Pharmaceutical ExecutivePharmaceutical Executive: January 2023
Volume 43
Issue 01

Interpreting what the Inflation Reduction Act could mean for biopharma.

The 2022 Inflation Reduction Act (IRA) is 274 pages, and the biopharma industry’s attention to the IRA is Title 1, Committee on Finance, Subtitle B Prescription Drug Pricing Reform.1 This contains the following:

  • Part 1: Lowering Prices Through Drug Price Negotiation
  • Part 2: Prescription Drug Inflation Rebates
  • Part3: Part D Improvements and Maximum Out-Of-Pocket Cap for Medicare Beneficiaries
  • Part 4: Continued Delay of Implementation of Prescription Drug Rebate Rule
  • Part 5: Miscellaneous

For context, Subtitle B comprises pages 17 through 89 (72 pages) and is preceded in order by Subtitle A Deficit Reduction, coming in at 16 pages. As related to biopharma, the IRA is going to take time to weed out on a variety of levels—understanding, implementation, and unintended consequences.

Signed into law on Aug. 16, 2022, the IRA allowed Congress to create the Drug Price Negotiation Program, which gives the secretary of the HHS the ability to negotiate directly with drug manufacturers on behalf of Medicare recipients. The HHS secretary and drug manufacturers will negotiate a “maximum fair price (MFP)” for some brand-name drugs that have no generic competitors. It includes all eligible drugs covered under Medicare Part D (retail prescription drugs) and Part B (treatments administered by doctors or other providers in an outpatient setting). Now, five months in, biopharma is—arguably so—still trying to figure out what the law means in the day-to-day business.

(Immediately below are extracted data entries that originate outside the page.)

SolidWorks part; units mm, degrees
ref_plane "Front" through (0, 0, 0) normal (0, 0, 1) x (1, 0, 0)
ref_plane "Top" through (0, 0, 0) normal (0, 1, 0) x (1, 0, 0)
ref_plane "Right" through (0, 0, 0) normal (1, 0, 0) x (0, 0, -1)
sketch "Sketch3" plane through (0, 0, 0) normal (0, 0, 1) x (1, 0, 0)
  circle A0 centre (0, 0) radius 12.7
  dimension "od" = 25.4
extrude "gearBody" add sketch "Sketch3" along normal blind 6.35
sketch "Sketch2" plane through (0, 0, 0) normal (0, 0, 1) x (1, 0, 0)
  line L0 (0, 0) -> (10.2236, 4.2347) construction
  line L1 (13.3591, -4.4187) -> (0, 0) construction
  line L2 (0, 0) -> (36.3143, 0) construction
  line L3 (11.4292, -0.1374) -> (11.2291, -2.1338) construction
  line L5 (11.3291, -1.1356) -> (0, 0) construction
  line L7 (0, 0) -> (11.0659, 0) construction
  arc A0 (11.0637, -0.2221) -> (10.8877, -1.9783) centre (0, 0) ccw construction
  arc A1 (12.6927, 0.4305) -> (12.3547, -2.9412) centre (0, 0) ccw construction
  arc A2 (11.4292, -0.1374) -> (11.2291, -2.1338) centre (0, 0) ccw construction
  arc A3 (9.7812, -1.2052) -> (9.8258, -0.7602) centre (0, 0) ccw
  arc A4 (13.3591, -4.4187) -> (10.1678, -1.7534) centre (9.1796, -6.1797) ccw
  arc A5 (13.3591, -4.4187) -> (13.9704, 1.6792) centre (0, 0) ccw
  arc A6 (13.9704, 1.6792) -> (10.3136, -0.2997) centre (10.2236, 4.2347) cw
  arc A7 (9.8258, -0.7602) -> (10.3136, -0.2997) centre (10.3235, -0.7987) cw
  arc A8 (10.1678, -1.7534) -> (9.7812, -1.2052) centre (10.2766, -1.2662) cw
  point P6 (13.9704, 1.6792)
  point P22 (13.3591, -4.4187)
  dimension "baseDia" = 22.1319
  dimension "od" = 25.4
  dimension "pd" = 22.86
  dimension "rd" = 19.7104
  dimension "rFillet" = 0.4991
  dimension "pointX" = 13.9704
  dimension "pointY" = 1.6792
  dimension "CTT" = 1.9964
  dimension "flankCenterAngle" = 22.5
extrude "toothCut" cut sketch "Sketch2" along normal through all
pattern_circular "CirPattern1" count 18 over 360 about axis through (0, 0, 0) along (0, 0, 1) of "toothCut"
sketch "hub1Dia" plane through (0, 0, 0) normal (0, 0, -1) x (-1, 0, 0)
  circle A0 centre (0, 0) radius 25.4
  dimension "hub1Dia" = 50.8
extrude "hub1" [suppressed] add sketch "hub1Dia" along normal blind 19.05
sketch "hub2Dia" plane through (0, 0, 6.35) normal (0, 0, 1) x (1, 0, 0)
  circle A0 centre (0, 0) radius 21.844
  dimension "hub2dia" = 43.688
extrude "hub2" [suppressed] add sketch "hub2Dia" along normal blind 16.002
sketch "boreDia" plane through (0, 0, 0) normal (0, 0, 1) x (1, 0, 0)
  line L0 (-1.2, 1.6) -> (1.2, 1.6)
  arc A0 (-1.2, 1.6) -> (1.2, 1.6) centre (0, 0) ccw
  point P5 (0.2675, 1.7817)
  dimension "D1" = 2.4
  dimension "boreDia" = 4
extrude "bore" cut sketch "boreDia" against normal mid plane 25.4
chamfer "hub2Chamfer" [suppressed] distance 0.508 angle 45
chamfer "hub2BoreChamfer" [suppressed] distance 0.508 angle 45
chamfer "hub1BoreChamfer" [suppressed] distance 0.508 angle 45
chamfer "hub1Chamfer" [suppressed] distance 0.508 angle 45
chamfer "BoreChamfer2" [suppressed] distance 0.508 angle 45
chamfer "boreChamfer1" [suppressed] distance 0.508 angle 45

An infographic timeline from the Centers for Medicare & Medicaid Services (CMS)2 is probably easier to understand than the actual written law (albeit with very little detail). The first significant milestone indicates that: “By Sept. 1, 2023, CMS will announce the first 10 Medicare Part D drugs selected for the Drug Price Negotiation Program. [MFP] negotiated for these first 10 Part D drugs will go into effect in 2026.”2

Some consultants think the 2026 implementation date gives the industry time to breathe while others say “not so fast.”

Could the law be repealed? The Drug Price Negotiation piece for “drug pricing” is very popular with lawmakers and the public. In an interview with STAT, Stephen Ubl, president and CEO of the Pharmaceutical Research and Manufacturers of America (PhRMA), said that there probably wouldn’t be a significant change to the law in the short-term because the same political balance of power exists (i.e., the same president and democratic Congress), which will not be pressed to address this.3

Could the law be challenged? In a December article from our sister publication, Pharmaceutical Commerce, Ed Schoonveld, managing partner and founder of the value and access practice at ZS, said the following of the IRA: “The level of penalties for not complying with CMS rules gives a strong scent of direct price control rather than negotiations; this is also likely a basis for [a] legal challenge of the IRA.”4 Schoonveld, in an email exchange with Pharm Exec, commented: “We don’t even know what CMS will use as a basis for what they decide is a fair price. It is also not clear yet what the impact will be on the private market.”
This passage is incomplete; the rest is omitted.